=== Begin Enclosure ===

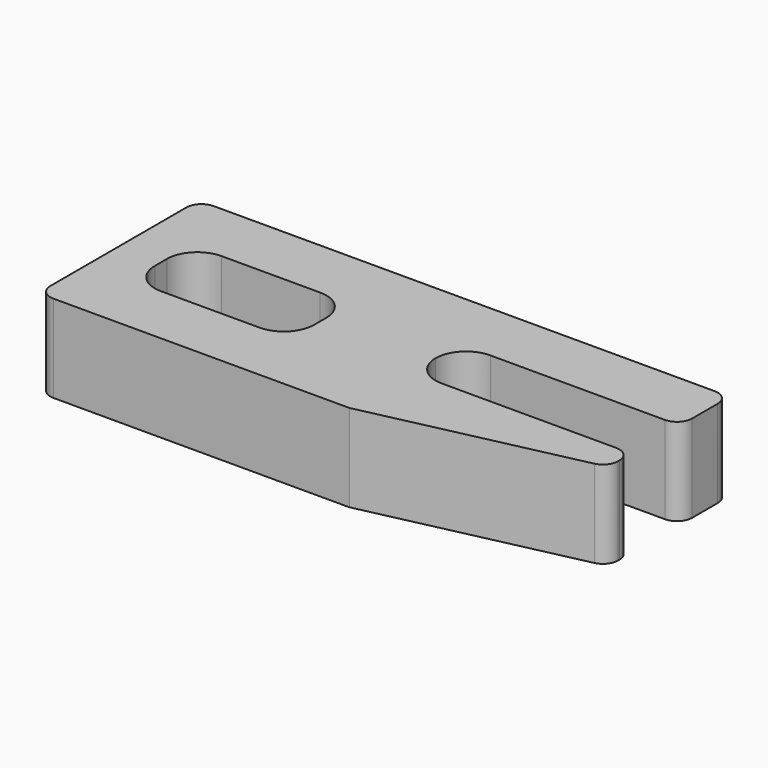
from build123d import *

# Parameters (mm, degrees)
F0_W     = 35
F0_H     = 13.2
F1_DEPTH = 5.76
F2_W     = 10.5
F2_H     = 5
F2_W_2   = 15
F2_H_2   = 4
F3_DEPTH = 25
F4_R     = 1.99999
F5_R     = 1


# Not quite as in the source:
# - a fillet or chamfer is up to 0.001 mm smaller than in the source, because OpenCascade refuses the exact size


with BuildPart() as f1:
    # F0 (on Top) → F1 (new body)
    with BuildSketch(Plane.XY):
        with Locations((-7.6907900348, 3.6986840781)):
            Rectangle(F0_W, F0_H)
    extrude(amount=F1_DEPTH)

    # F2 (on face) → F3 (cut)
    with BuildSketch(Plane.XY.offset(5.76)):
        Polygon((-4.6907900348, -2.9013159219), (9.8092099652, -2.9013159219), (9.8092099652, 0.2986840781), align=None)
        with Locations((-17.1407900348, 3.6986840781)):
            Rectangle(F2_W, F2_H)
        with Locations((2.8092099652, 4.1986840781)):
            Rectangle(F2_W_2, F2_H_2)
    extrude(amount=-F3_DEPTH, mode=Mode.SUBTRACT)

    # F4 (radius 2 in the source; OpenCascade refuses exactly that, so slightly less here)
    f4_edges = [f1.edges().sort_by_distance(p)[0] for p in [
        (-22.39079, 6.198684, 2.88),
        (-11.89079, 6.198684, 2.88),
        (-11.89079, 1.198684, 2.88),
        (-22.39079, 1.198684, 2.88),
        (-4.69079, 2.198684, 2.88),
        (-4.69079, 6.198684, 2.88),
    ]]
    fillet(f4_edges, radius=F4_R)

    # F5
    f5_edges = [f1.edges().sort_by_distance(p)[0] for p in [
        (9.80921, 10.298684, 2.88),
        (9.80921, 6.198684, 2.88),
        (9.80921, 2.198684, 2.88),
        (9.80921, 0.298684, 2.88),
        (-25.19079, -2.901316, 2.88),
        (-25.19079, 10.298684, 2.88),
    ]]
    fillet(f5_edges, radius=F5_R)


solid = f1.part
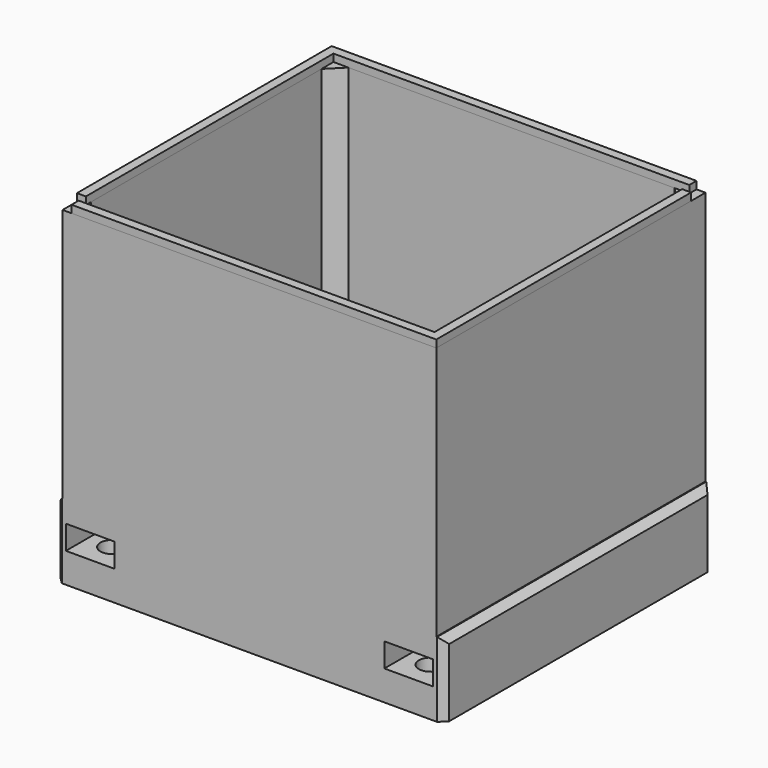
from build123d import *

# Parameters (mm, degrees)
F0_W      = 47.6
F0_H      = 1.2
F0_W_2    = 1.2
F0_H_2    = 42.6
F1_DEPTH  = 44
F2_R      = 1.6
F2_W      = 1.4791749234
F2_H      = 26.2
F2_W_2    = 2.291076839
F3_DEPTH  = 10
F4_W      = 6.5
F4_H      = 3.2
F5_DEPTH  = 7.1
F6_START  = -37.9
F6_DEPTH  = 7.1
F7_SIZE   = 0.9
F8_W      = 47.6
F8_H      = 1.2
F8_W_2    = 1.2
F8_H_2    = 41.4
F9_DEPTH  = 1
F10_W     = 33.2
F10_H     = 5
F11_DEPTH = 8
F12_SIZE  = 1.99999
F13_SIZE  = 2
F14_SIZE  = 1.2


# Not quite as in the source:
# - a fillet or chamfer is up to 0.001 mm smaller than in the source, because OpenCascade refuses the exact size


with BuildPart() as f1:
    # F0 (on Top) → F1 (new body)
    with BuildSketch(Plane.XY):
        with Locations((25, 44.4)):
            Rectangle(F0_W, F0_H)
        with Locations((49.4, 44.4)):
            Rectangle(F0_W_2, F0_H)
        with Locations((49.4, 22.5)):
            Rectangle(F0_W_2, F0_H_2)
        with Locations((49.4, 0.6)):
            Rectangle(F0_W_2, F0_H)
        with Locations((25, 0.6)):
            Rectangle(F0_W, F0_H)
        with Locations((0.6, 0.6)):
            Rectangle(F0_W_2, F0_H)
        with Locations((0.6, 22.5)):
            Rectangle(F0_W_2, F0_H_2)
        with Locations((0.6, 44.4)):
            Rectangle(F0_W_2, F0_H)
    extrude(amount=F1_DEPTH)

    # F2 (on face) → F3 (join)
    with BuildSketch(Plane.XY):
        Polygon((-1, 9.4), (-1, 0), (8.4, 0), (8.4, 9.4), (0.4791749234, 9.4), align=None)
        with Locations((3.7, 3.7)):
            Circle(F2_R, mode=Mode.SUBTRACT)
        with Locations((-0.2604125383, 22.5)):
            Rectangle(F2_W, F2_H)
        Polygon((-1, 45), (-1, 35.6), (0.4791749234, 35.6), (8.4, 35.6), (8.4, 45), align=None)
        with Locations((3.7, 41.3)):
            Circle(F2_R, mode=Mode.SUBTRACT)
        Polygon((41.6, 9.4), (41.6, 0), (51, 0), (51, 9.4), (48.708923161, 9.4), align=None)
        with Locations((46.3, 3.7)):
            Circle(F2_R, mode=Mode.SUBTRACT)
        with Locations((49.8544615805, 22.5)):
            Rectangle(F2_W_2, F2_H)
        Polygon((41.6, 35.6), (48.708923161, 35.6), (51, 35.6), (51, 45), (41.6, 45), align=None)
        with Locations((46.3, 41.3)):
            Circle(F2_R, mode=Mode.SUBTRACT)
    extrude(amount=F3_DEPTH)

    # F4 (on face) → F5 (cut)
    with BuildSketch(Plane.XZ):
        with Locations((3.7, 5.6)):
            Rectangle(F4_W, F4_H)
        with Locations((46.3, 5.6)):
            Rectangle(F4_W, F4_H)
    extrude(amount=-F5_DEPTH, mode=Mode.SUBTRACT)

    # F4 (on face) → F6 (cut)
    with BuildSketch(Plane.XZ.offset(F6_START)):
        with Locations((3.7, 5.6)):
            Rectangle(F4_W, F4_H)
        with Locations((46.3, 5.6)):
            Rectangle(F4_W, F4_H)
    extrude(amount=-F6_DEPTH, mode=Mode.SUBTRACT)

    # F7
    f7_edges = [f1.edges().sort_by_distance(p)[0] for p in [
        (-1, 45, 5),
        (-1, 22.5, 10),
        (51, 22.5, 10),
        (-1, 0, 5),
        (51, 0, 5),
        (51, 45, 5),
    ]]
    chamfer(f7_edges, length=F7_SIZE)

    # F10 (on face) → F11 (join)
    with BuildSketch(Plane.XY):
        with Locations((25, 41.3)):
            Rectangle(F10_W, F10_H)
        with Locations((25, 3.7)):
            Rectangle(F10_W, F10_H)
    extrude(amount=F11_DEPTH)

    # F12 (size 2 in the source; OpenCascade refuses exactly that, so slightly less here)
    f12_edges = [f1.edges().sort_by_distance(p)[0] for p in [
        (8.4, 41.3, 8),
        (41.6, 41.3, 8),
        (41.6, 38.8, 4),
        (8.4, 38.8, 4),
        (41.6, 6.2, 4),
        (41.6, 3.7, 8),
        (8.4, 3.7, 8),
        (8.4, 6.2, 4),
        (1.2, 35.6, 5),
        (48.708923, 35.6, 5),
        (48.708923, 9.4, 5),
        (1.2, 9.4, 5),
    ]]
    chamfer(f12_edges, length=F12_SIZE)

    # F13
    f13_edges = [f1.edges().sort_by_distance(p)[0] for p in [
        (48.8, 43.8, 27),
        (1.2, 43.8, 27),
        (1.2, 1.2, 27),
        (48.8, 1.2, 27),
    ]]
    chamfer(f13_edges, length=F13_SIZE)

    # F14
    f14_edges = [f1.edges().sort_by_distance(p)[0] for p in [
        (8.4, 35.6, 5),
        (41.6, 35.6, 5),
        (41.6, 9.4, 5),
        (8.4, 9.4, 5),
    ]]
    chamfer(f14_edges, length=F14_SIZE)


with BuildPart() as f9:
    # F8 (on face) → F9 (new body)
    with BuildSketch(Plane.XY.offset(44)):
        with Locations((25, 44.4)):
            Rectangle(F8_W, F8_H)
        with Locations((0.6, 23.1)):
            Rectangle(F8_W_2, F8_H_2)
        with Locations((0.6, 44.4)):
            Rectangle(F8_W_2, F8_H)
    extrude(amount=F9_DEPTH)


with BuildPart() as f9b:
    # F8 (on face) → F9, piece 2 (new body)
    with BuildSketch(Plane.XY.offset(44)):
        with Locations((49.4, 21.9)):
            Rectangle(F8_W_2, F8_H_2)
        with Locations((25, 0.6)):
            Rectangle(F8_W, F8_H)
        with Locations((49.4, 0.6)):
            Rectangle(F8_W_2, F8_H)
    extrude(amount=F9_DEPTH)


solid = Compound([f1.part, f9.part, f9b.part])

=== End Enclosure ===

▶ **WHAT THE TASK ASKS**: Display every line of the listing that contains the string "join".

▶ **FINISHED EXERCISE**:
    # F2 (on face) → F3 (join)
    # F10 (on face) → F11 (join)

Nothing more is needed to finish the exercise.